## What to produce
Once you reach the line that contains "Model/6 -> thetadot/1", retype it and every line after it exactly, ending with the last line of the entries.

(Collection entries)
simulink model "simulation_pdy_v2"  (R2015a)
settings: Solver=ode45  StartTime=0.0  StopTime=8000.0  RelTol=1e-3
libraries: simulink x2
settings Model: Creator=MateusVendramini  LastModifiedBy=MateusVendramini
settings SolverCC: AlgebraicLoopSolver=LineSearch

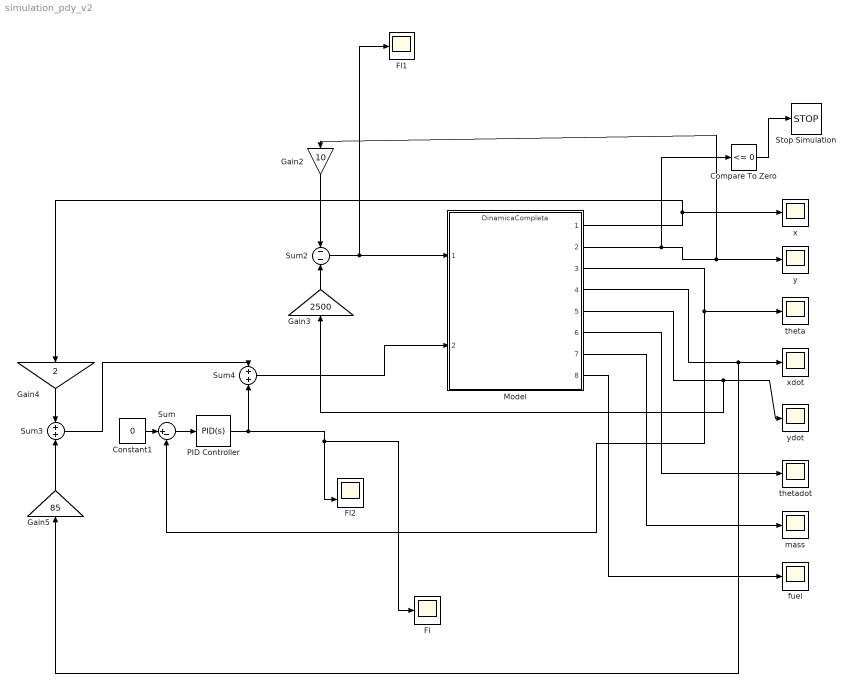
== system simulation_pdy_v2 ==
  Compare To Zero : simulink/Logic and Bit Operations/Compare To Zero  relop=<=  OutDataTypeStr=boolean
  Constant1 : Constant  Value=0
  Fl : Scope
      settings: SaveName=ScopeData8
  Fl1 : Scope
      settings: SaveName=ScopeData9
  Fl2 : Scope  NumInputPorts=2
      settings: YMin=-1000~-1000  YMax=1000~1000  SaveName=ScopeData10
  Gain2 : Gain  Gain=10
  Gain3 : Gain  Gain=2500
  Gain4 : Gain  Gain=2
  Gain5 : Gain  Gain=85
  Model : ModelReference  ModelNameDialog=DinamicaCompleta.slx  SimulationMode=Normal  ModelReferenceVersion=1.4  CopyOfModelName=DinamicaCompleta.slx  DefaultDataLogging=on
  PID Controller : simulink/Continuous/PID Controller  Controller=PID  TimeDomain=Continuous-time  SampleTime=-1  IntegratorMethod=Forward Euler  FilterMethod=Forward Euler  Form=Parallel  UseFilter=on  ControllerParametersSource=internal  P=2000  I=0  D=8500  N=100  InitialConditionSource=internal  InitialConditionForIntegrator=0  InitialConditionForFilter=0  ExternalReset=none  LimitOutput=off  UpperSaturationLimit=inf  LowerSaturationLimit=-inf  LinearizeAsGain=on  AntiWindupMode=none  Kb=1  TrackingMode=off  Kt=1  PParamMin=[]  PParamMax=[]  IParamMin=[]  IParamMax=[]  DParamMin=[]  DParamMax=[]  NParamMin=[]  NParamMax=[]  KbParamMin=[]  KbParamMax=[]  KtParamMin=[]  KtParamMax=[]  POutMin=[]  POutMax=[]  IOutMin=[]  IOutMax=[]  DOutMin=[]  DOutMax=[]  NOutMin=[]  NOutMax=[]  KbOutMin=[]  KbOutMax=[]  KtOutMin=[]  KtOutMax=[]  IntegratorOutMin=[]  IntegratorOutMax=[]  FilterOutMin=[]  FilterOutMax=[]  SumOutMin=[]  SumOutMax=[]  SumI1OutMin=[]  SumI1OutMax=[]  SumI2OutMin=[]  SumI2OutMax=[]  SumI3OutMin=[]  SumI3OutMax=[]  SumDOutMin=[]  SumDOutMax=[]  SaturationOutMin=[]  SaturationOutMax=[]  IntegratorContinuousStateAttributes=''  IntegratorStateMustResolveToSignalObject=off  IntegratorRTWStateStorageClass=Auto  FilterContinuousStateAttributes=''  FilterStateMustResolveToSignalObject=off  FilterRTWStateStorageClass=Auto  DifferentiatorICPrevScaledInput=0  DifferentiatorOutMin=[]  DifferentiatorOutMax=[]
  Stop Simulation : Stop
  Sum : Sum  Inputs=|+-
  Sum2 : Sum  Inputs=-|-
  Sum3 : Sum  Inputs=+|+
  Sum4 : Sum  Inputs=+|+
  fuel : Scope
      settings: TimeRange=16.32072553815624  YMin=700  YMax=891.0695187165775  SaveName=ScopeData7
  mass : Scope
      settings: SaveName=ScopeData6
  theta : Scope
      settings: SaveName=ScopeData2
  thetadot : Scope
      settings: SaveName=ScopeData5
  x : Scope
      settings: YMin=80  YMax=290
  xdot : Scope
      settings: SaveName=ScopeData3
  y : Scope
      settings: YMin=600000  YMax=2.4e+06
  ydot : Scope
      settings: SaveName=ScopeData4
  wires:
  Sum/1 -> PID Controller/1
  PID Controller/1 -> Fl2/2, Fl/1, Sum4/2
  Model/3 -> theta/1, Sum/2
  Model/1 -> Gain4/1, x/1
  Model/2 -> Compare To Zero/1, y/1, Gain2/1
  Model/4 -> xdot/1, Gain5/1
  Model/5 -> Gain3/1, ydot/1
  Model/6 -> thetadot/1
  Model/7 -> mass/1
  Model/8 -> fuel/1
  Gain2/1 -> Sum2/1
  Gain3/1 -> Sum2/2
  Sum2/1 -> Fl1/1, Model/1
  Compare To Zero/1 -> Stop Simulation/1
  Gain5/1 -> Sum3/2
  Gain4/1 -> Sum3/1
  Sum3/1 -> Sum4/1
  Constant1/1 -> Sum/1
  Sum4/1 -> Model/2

## Result below
  Model/6 -> thetadot/1
  Model/7 -> mass/1
  Model/8 -> fuel/1
  Gain2/1 -> Sum2/1
  Gain3/1 -> Sum2/2
  Sum2/1 -> Fl1/1, Model/1
  Compare To Zero/1 -> Stop Simulation/1
  Gain5/1 -> Sum3/2
  Gain4/1 -> Sum3/1
  Sum3/1 -> Sum4/1
  Constant1/1 -> Sum/1
  Sum4/1 -> Model/2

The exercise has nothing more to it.